30

62.1K 5.9K 101
                                    

Di hari kedua masuk sekolah, wajah Maira tidak se-kacau kemarin. Pagi tadi dia sudah menyetok ASI sebanyak-banyaknya, jadi dia bisa merasa tenang. Di jam istirahat ini, dia bahkan mau ikut makan ke kantin bersama Anisa dan Sindi.

Soal kejadian kemarin sore di ruko, hal itu memang sudah biasa. Jadi, setelah menangis, Maira berusaha melupakan semua perkataan Bu Nani dan Bu Iceu. Inilah resiko yang harus dia terima karena semua dosanya di masa lalu, takdir memang adil. Dia pantas mendapatkan cemoohan dari orang-orang.

"Kesel deh," Sindi mulai membuka suara saat ikut duduk bersama Anisa dan Maira, setelah membeli makanannya.

"Kenapa?" tanya Anisa heran sambil mengupas kuaci, lalu memasukkan isinya ke dalam mulut.

"Anjas and the geng," jawab Sindi singkat, wajahnya terlihat masih berapi-api.

Gadis itu merasa sangat kesal pada teman-teman sekelasnya yang dikenal suka buat onar. Setiap hari ada saja kelakuan Anjas dan kawan-kawan yang membuat orang-orang kesal. Tadi saat Sindi akan memesan makanan, dengan entengnya mereka menggodanya, bilang Sindi cantik lah, bohay lah, apalah. Setelah itu, mereka ikut pesan dan setelah pesanan mereka didapat, mereka pergi begitu saja sambil berteriak pada penjaga kantin kalo pesanan mereka akan dibayar oleh Sindi. Menyebalkan! Mending kalo satu orang, ini lima!

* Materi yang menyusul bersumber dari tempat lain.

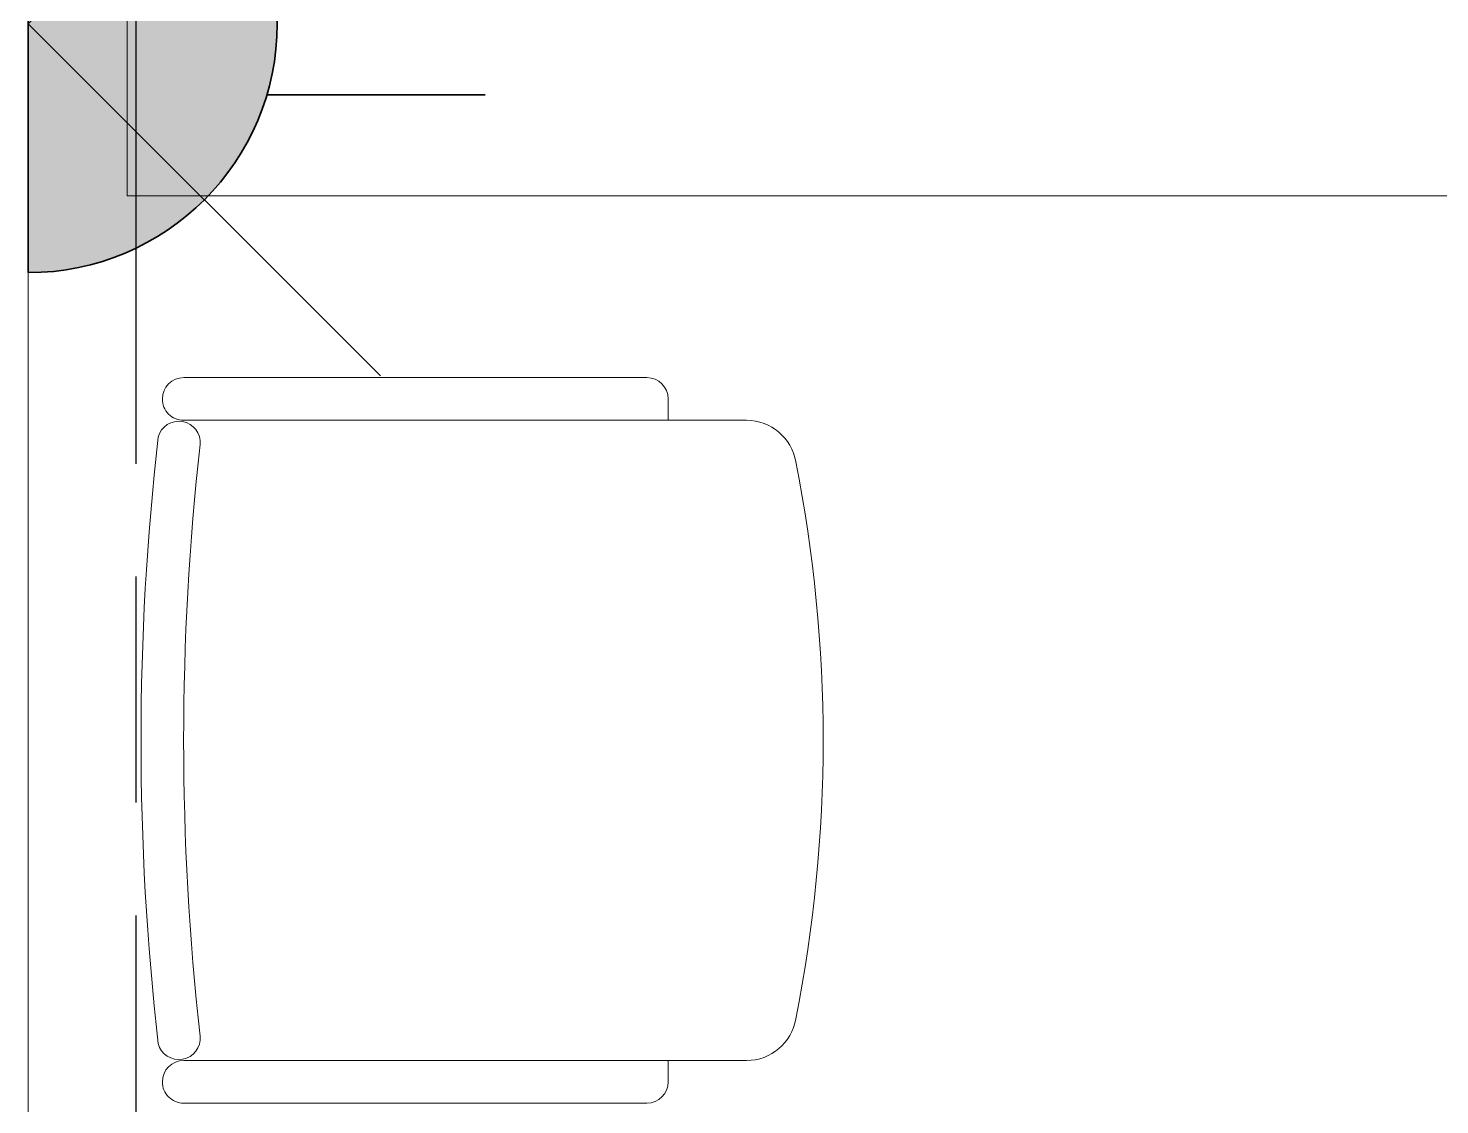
# Model space of a CAD drawing. Header units: inches. Extents: x -12418 to 242017, y -29325 to 19878.
# Drawn here: x 40997 to 41989, y -10880 to -10124 of the extents above; entities that cross this region are included whole.
import ezdxf
from ezdxf.enums import TextEntityAlignment as Align

# ---------------------------------------------------------------- set-up
doc = ezdxf.new("R2010")
doc.units = ezdxf.units.IN
doc.header["$LTSCALE"] = 25
doc.header["$MEASUREMENT"] = 0
doc.linetypes.add('DASHDOT', pattern=[25.4, 12.7, -6.35, 0, -6.35])
doc.linetypes.add('HIDDEN', pattern=[9.525, 6.35, -3.175])
doc.layers.get('0').update_dxf_attribs({"color": 8})
doc.layers.get('Defpoints').update_dxf_attribs({"color": 8})
for name, color, linetype, lineweight in [('00-Ground Floor$0$LOADING', 253, 'Continuous', 5), ('00-Ground Floor$0$NEW Wall', 166, 'Continuous', 5), ('00-Ground Floor$0$Walls', 251, 'Continuous', 5), ('E-LITE-CLNG-CNDT', 6, 'DASHDOT', 35), ('E-LITE-EXIT-NUMB', 6, 'Continuous', 25), ('E-POWR-FLOR-CNDT', 6, 'HIDDEN', 25), ('E-POWR-WALL @ 100', 4, 'Continuous', 35)]:
    doc.layers.add(name, color=color, linetype=linetype, lineweight=lineweight)
doc.styles.add('DC_Simplex', font='SIMPLEX.shx', dxfattribs={"width": 0.7})

# ---------------------------------------------------------------- blocks, each defined once
blk = doc.blocks.new('00-Ground Floor$0$GF21016-P')
at = {"layer": '00-Ground Floor$0$LOADING', "extrusion": (-1.24384e-09, -1.20261e-09, -1)}
for p, q in [((0.01278, 0.01793), (0.01278, 0.41365)), ((0.46278, 0.01793), (0.46278, 0.41365)), ((-0.00222, 0.35848), (0.01278, 0.35848)), ((0.47778, 0.35848), (0.46278, 0.35848)), ((-0.01722, 0.01793), (-0.01722, 0.34348)), ((0.49278, 0.01793), (0.49278, 0.34348)), ((0.47778, 0.00293), (0.47778, 0.00293))]:
    blk.add_line(p, q, dxfattribs=at)
for centre, radius, start, end in [((-0.23778, -0.5362), 1.00364, 78.75684, 101.24316), ((-0.04778, 0.41365), 0.035, 0, 80.65572), ((-0.42778, 0.41365), 0.035, 99.34428, 180), ((0.00222, 0.34348), 0.015, 0, 90), ((-0.47778, 0.34348), 0.015, 90, 180), ((-0.02845, 0.01455), 0.01501, 284.3864, 95.52091), ((-0.4471, 0.01455), 0.01501, 84.47909, 255.6136), ((-0.23778, 1.89282), 1.8749, 263.6341, 276.3659), ((0.00222, 0.01793), 0.015, 270, 0), ((0.00222, 0.01793), 0.015, 180, 270), ((-0.47778, 0.01793), 0.015, 270, 0), ((-0.47778, 0.01793), 0.015, 180, 270), ((-0.23778, 1.87344), 1.8855, 263.51186, 276.48814)]:
    blk.add_arc(centre, radius, start, end, dxfattribs=at)
blk = doc.blocks.new('*X106')
at = {"color": 0}
for p, q in [((13, 1), (13, 1)), ((13, 1), (13, 1)), ((13, 1), (13, 1)), ((13, 1), (13, 1)), ((13, 1), (13, 1)), ((13, 1), (13, 1)), ((13, 1), (13, 1)), ((13, 1), (13, 1)), ((13, 1), (13, 1)), ((13, 1), (13, 1)), ((13, 1), (13, 1)), ((13, 1), (13, 1)), ((13, 1), (13, 1)), ((13, 1), (13, 1)), ((13, 1), (13, 1)), ((13, 1), (14, 1)), ((13, 1), (14, 1)), ((13, 1), (14, 1)), ((13, 1), (13, 1)), ((13, 1), (13, 1)), ((13, 1), (13, 1)), ((13, 1), (13, 1)), ((13, 1), (13, 1)), ((13, 1), (13, 1)), ((13, 1), (13, 1)), ((13, 1), (13, 1)), ((13, 1), (13, 1)), ((13, 1), (13, 1)), ((13, 1), (13, 1)), ((13, 1), (13, 1)), ((13, 1), (13, 1)), ((13, 1), (13, 1)), ((13, 1), (13, 1)), ((13, 1), (13, 1)), ((13, 1), (13, 1)), ((13, 1), (13, 1)), ((13, 1), (13, 1)), ((13, 1), (13, 1)), ((13, 1), (13, 1)), ((13, 1), (13, 1)), ((13, 1), (13, 1)), ((13, 1), (13, 1)), ((13, 1), (13, 1)), ((13, 1), (13, 1)), ((13, 1), (13, 1)), ((13, 1), (13, 1)), ((13, 1), (13, 1)), ((13, 1), (13, 1)), ((13, 1), (13, 1)), ((13, 1), (13, 1)), ((13, 1), (13, 1)), ((13, 1), (13, 1)), ((13, 1), (13, 1)), ((13, 1), (13, 1)), ((13, 1), (13, 1)), ((13, 1), (13, 1)), ((13, 1), (13, 1)), ((13, 1), (13, 1)), ((13, 1), (13, 1)), ((13, 1), (13, 1)), ((13, 1), (13, 1)), ((13, 1), (13, 1)), ((13, 1), (13, 1)), ((13, 1), (13, 1)), ((13, 1), (13, 1)), ((13, 1), (13, 1)), ((13, 1), (13, 1)), ((13, 1), (13, 1)), ((13, 1), (13, 1)), ((13, 1), (13, 1)), ((13, 1), (13, 1)), ((13, 1), (13, 1)), ((13, 1), (13, 1)), ((13, 1), (13, 1)), ((13, 1), (13, 1)), ((13, 1), (13, 1)), ((13, 1), (13, 1)), ((13, 1), (13, 1)), ((13, 1), (13, 1)), ((13, 1), (13, 1)), ((13, 1), (13, 1)), ((13, 1), (13, 1)), ((13, 1), (13, 1)), ((13, 1), (13, 1)), ((13, 1), (13, 1)), ((13, 1), (13, 1)), ((13, 1), (13, 1)), ((13, 1), (13, 1)), ((13, 1), (13, 1)), ((13, 1), (13, 1)), ((13, 1), (13, 1)), ((13, 1), (13, 1)), ((13, 1), (13, 1)), ((13, 1), (13, 1)), ((13, 1), (13, 1)), ((13, 1), (13, 1)), ((13, 1), (13, 1)), ((13, 1), (13, 1)), ((13, 1), (13, 1)), ((13, 1), (13, 1)), ((13, 1), (13, 1)), ((13, 1), (13, 1)), ((13, 1), (13, 1)), ((13, 1), (13, 1)), ((13, 1), (13, 1)), ((13, 1), (13, 1)), ((13, 1), (13, 1)), ((13, 1), (13, 1)), ((13, 1), (13, 1)), ((13, 1), (13, 1)), ((13, 1), (13, 1)), ((13, 1), (13, 1)), ((13, 1), (13, 1)), ((13, 1), (13, 1)), ((13, 1), (13, 1)), ((13, 1), (13, 1)), ((13, 1), (13, 1)), ((13, 1), (13, 1)), ((13, 1), (13, 1)), ((13, 1), (13, 1)), ((13, 1), (13, 1)), ((13, 1), (13, 1)), ((13, 1), (13, 1)), ((13, 1), (14, 1)), ((13, 0), (13, 0)), ((13, 0), (13, 0)), ((13, 0), (13, 0)), ((13, 0), (13, 0)), ((13, 0), (13, 0)), ((13, 0), (13, 0)), ((13, 0), (13, 0)), ((13, 0), (13, 0)), ((13, 0), (13, 0)), ((13, 0), (13, 0)), ((13, 0), (13, 0)), ((13, 0), (13, 0)), ((13, 0), (13, 0)), ((13, 0), (13, 0)), ((13, 0), (13, 0)), ((13, 0), (13, 0)), ((13, 0), (13, 0)), ((13, 0), (13, 0)), ((13, 0), (13, 0)), ((13, 0), (13, 0)), ((13, 0), (13, 0)), ((13, 0), (13, 0)), ((13, 0), (13, 0)), ((13, 0), (13, 0)), ((13, 0), (13, 0)), ((13, 0), (13, 0)), ((13, 0), (13, 0)), ((13, 0), (13, 0)), ((13, 0), (13, 0)), ((13, 0), (13, 0)), ((13, 0), (13, 0)), ((13, 0), (13, 0)), ((13, 0), (13, 0)), ((13, 0), (13, 0)), ((13, 0), (13, 0)), ((13, 0), (13, 0)), ((13, 0), (13, 0)), ((13, 0), (13, 0)), ((13, 0), (13, 0)), ((13, 0), (13, 0)), ((13, 0), (13, 0)), ((13, 0), (13, 0)), ((13, 0), (13, 0)), ((13, 0), (13, 0)), ((13, 0), (13, 0)), ((13, 0), (13, 0)), ((13, 0), (13, 0)), ((13, 0), (13, 0)), ((13, 0), (14, 0)), ((13, 0), (14, 0)), ((13, 0), (13, 0)), ((13, 0), (14, 0)), ((14, 1), (14, 1)), ((14, 1), (14, 1)), ((14, 1), (14, 1)), ((14, 1), (14, 1)), ((14, 1), (14, 1)), ((14, 1), (14, 1)), ((14, 1), (14, 1)), ((14, 1), (14, 1)), ((14, 1), (14, 1)), ((14, 1), (14, 1)), ((14, 1), (14, 1)), ((14, 1), (14, 1)), ((14, 1), (14, 1)), ((14, 1), (14, 1)), ((14, 1), (14, 1)), ((14, 1), (14, 1)), ((14, 1), (14, 1)), ((14, 1), (14, 1)), ((14, 1), (14, 1)), ((14, 1), (14, 1)), ((14, 1), (14, 1)), ((14, 1), (14, 1)), ((14, 1), (14, 1)), ((14, 1), (14, 1)), ((14, 1), (14, 1)), ((14, 1), (14, 1)), ((14, 1), (14, 1)), ((14, 1), (14, 1)), ((14, 1), (14, 1)), ((14, 1), (14, 1)), ((14, 1), (14, 1)), ((14, 1), (14, 1)), ((14, 1), (14, 1)), ((14, 1), (14, 1)), ((14, 1), (14, 1)), ((14, 1), (14, 1)), ((14, 1), (14, 1)), ((14, 1), (14, 1)), ((14, 1), (14, 1)), ((14, 1), (14, 1)), ((14, 1), (14, 1)), ((14, 1), (14, 1)), ((14, 1), (14, 1)), ((14, 1), (14, 1)), ((14, 1), (14, 1)), ((14, 1), (14, 1)), ((14, 1), (14, 1)), ((14, 1), (14, 1)), ((14, 1), (14, 1)), ((14, 1), (14, 1)), ((14, 1), (14, 1)), ((14, 1), (14, 1)), ((14, 1), (14, 1)), ((14, 1), (14, 1)), ((14, 1), (14, 1)), ((14, 1), (14, 1)), ((14, 1), (14, 1)), ((14, 1), (14, 1)), ((14, 1), (14, 1)), ((14, 1), (14, 1)), ((14, 1), (14, 1)), ((14, 1), (14, 1)), ((14, 1), (14, 1)), ((14, 1), (14, 1)), ((14, 1), (14, 1)), ((14, 1), (14, 1)), ((14, 1), (14, 1)), ((14, 1), (14, 1)), ((14, 1), (14, 1)), ((14, 1), (14, 1)), ((14, 1), (14, 1)), ((14, 1), (14, 1)), ((14, 1), (14, 1)), ((14, 1), (14, 1)), ((14, 1), (14, 1)), ((14, 1), (14, 1)), ((14, 1), (14, 1)), ((14, 1), (14, 1)), ((14, 1), (14, 1)), ((14, 1), (14, 1)), ((14, 1), (14, 1)), ((14, 1), (14, 1)), ((14, 1), (14, 1)), ((14, 1), (14, 1)), ((14, 1), (14, 1)), ((14, 1), (14, 1)), ((14, 1), (14, 1)), ((14, 1), (14, 1)), ((14, 1), (14, 1)), ((14, 1), (14, 1)), ((14, 1), (14, 1)), ((14, 1), (14, 1)), ((14, 1), (14, 1)), ((14, 1), (14, 1)), ((14, 0), (14, 0)), ((14, 0), (14, 0)), ((14, 0), (14, 0)), ((14, 0), (14, 0)), ((14, 0), (14, 0)), ((14, 0), (14, 0)), ((14, 0), (14, 0)), ((14, 0), (14, 0)), ((14, 0), (14, 0)), ((14, 0), (14, 0)), ((14, 0), (14, 0)), ((14, 0), (14, 0)), ((14, 0), (14, 0)), ((14, 0), (14, 0)), ((14, 0), (14, 0)), ((14, 0), (14, 0)), ((14, 0), (14, 0)), ((14, 0), (14, 0)), ((14, 0), (14, 0)), ((14, 0), (14, 0)), ((14, 0), (14, 0)), ((14, 0), (14, 0)), ((14, 0), (14, 0)), ((14, 0), (14, 0)), ((14, 0), (14, 0)), ((14, 0), (14, 0)), ((14, 0), (14, 0)), ((14, 0), (14, 0)), ((14, 0), (14, 0)), ((14, 0), (14, 0)), ((14, 0), (14, 0)), ((14, 0), (14, 0)), ((14, 0), (14, 0)), ((14, 0), (14, 0)), ((14, 0), (14, 0)), ((14, 0), (14, 0)), ((14, 0), (14, 0)), ((14, 0), (14, 0)), ((14, 0), (14, 0)), ((14, 0), (14, 0)), ((14, 0), (14, 0)), ((14, 0), (14, 0)), ((14, 0), (14, 0)), ((14, 0), (14, 0)), ((14, 0), (14, 0)), ((14, 0), (14, 0)), ((14, 0), (14, 0)), ((14, 0), (14, 0)), ((13, 0), (13, 0)), ((13, 0), (14, 0)), ((13, 0), (13, 0)), ((13, 0), (14, 0)), ((13, 0), (13, 0)), ((13, 0), (14, 0)), ((13, 0), (13, 0)), ((13, 0), (13, 0)), ((13, 0), (13, 0)), ((13, 0), (13, 0)), ((13, 0), (14, 0)), ((13, 0), (13, 0)), ((13, 0), (14, 0)), ((13, 0), (13, 0)), ((13, 0), (14, 0)), ((13, 0), (13, 0)), ((13, 0), (14, 0)), ((13, 0), (13, 0)), ((13, 0), (14, 0)), ((13, 0), (13, 0)), ((13, 0), (14, 0)), ((13, 0), (13, 0)), ((13, 0), (14, 0)), ((13, 0), (13, 0)), ((13, 0), (13, 0)), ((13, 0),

"Ish, kenapa kamu mau-mau aja bayarin, tinggal pergi, apa susahnya?" tanya Anisa tidak habis pikir.

Sindi berdecak. "Mana bisa? Ibu kantinnya udah melotot serem liatin aku. Gak ada pilihan lain."

Anisa malah menertawakan, sementara Maira menatapnya dengan kasihan.

"Sabar ya, mungkin hari ini kamu lagi sial," kata Maira begitu tenang sambil mengusap bahu Sindi dengan perhatian.

Alis Anisa bertaut mendengar ucapan Maira, dan dia kembali tertawa.

"Maira bener tuh!"

Sindi mengerutkan bibirnya, lalu memakan baksonya dengan lahap.

"Mai, aku pengen liat deh wajah kamu kalo marah kayak gimana? Kayaknya kamu jarang marah ya?" tanya Anisa.

"Penasaran gitu, lebih serem gak dari wajah Sindi."

Maira hanya menggeleng dengan mulut penuh makanan. Aneh-aneh saja pertanyaan Anisa ini.

"Cewek dengan wajah soft kayak Maira mana bisa serem, yang ada malah gemes." ujar Sindi.

Sindi tidak bisa membayangkan bagaimana menggemaskannya wajah Maira ketika masih kecil, sudah sebesar ini saja Maira masih terlihat menggemaskan. Apalagi pipi putihnya yang agak kemerahan itu, terlihat manis sekali dipandang. Sindi yang perempuan saja begitu suka melihat wajah Maira, apalagi laki-laki. Bisa Sindi tebak, penggemar Maira pasti banyak. Terbukti, baru dua hari masuk sekolah saja dia sudah dikenal oleh banyak cowok di sekolah ini.

"Iya, bener juga sih." kata Anisa yang kini ikut memperhatikan wajah Maira.

"Ih, kalian kenapa jadi bahas aku sih?" tanya Maira merasa tidak nyaman, kemudian mangkuk bakso yang tinggal tersisa sedikit airnya itu didorong ke depan dan dia meraih es jeruknya, lalu diminum perlahan.

Kedua temannya melongo tidak percaya. Maira cepat sekali makannya, sebungkus kuaci milik Anisa saja sejak tadi belum juga habis. Bagiamana bisa?

"Mai, kamu makan cepat banget, laper ya?" tanya Anisa.

Maira hanya mengangguk, mereka mana paham jika ibu menyusui memang mudah lapar. Dan ketiganya kembali membuka obrolan ke sana-kemari. Setelah makanan mereka habis, akhirnya Sindi mengajak untuk kembali ke kelas, karena kantin pun sudah mulai sepi dan tidak lama lagi bel masuk akan berbunyi.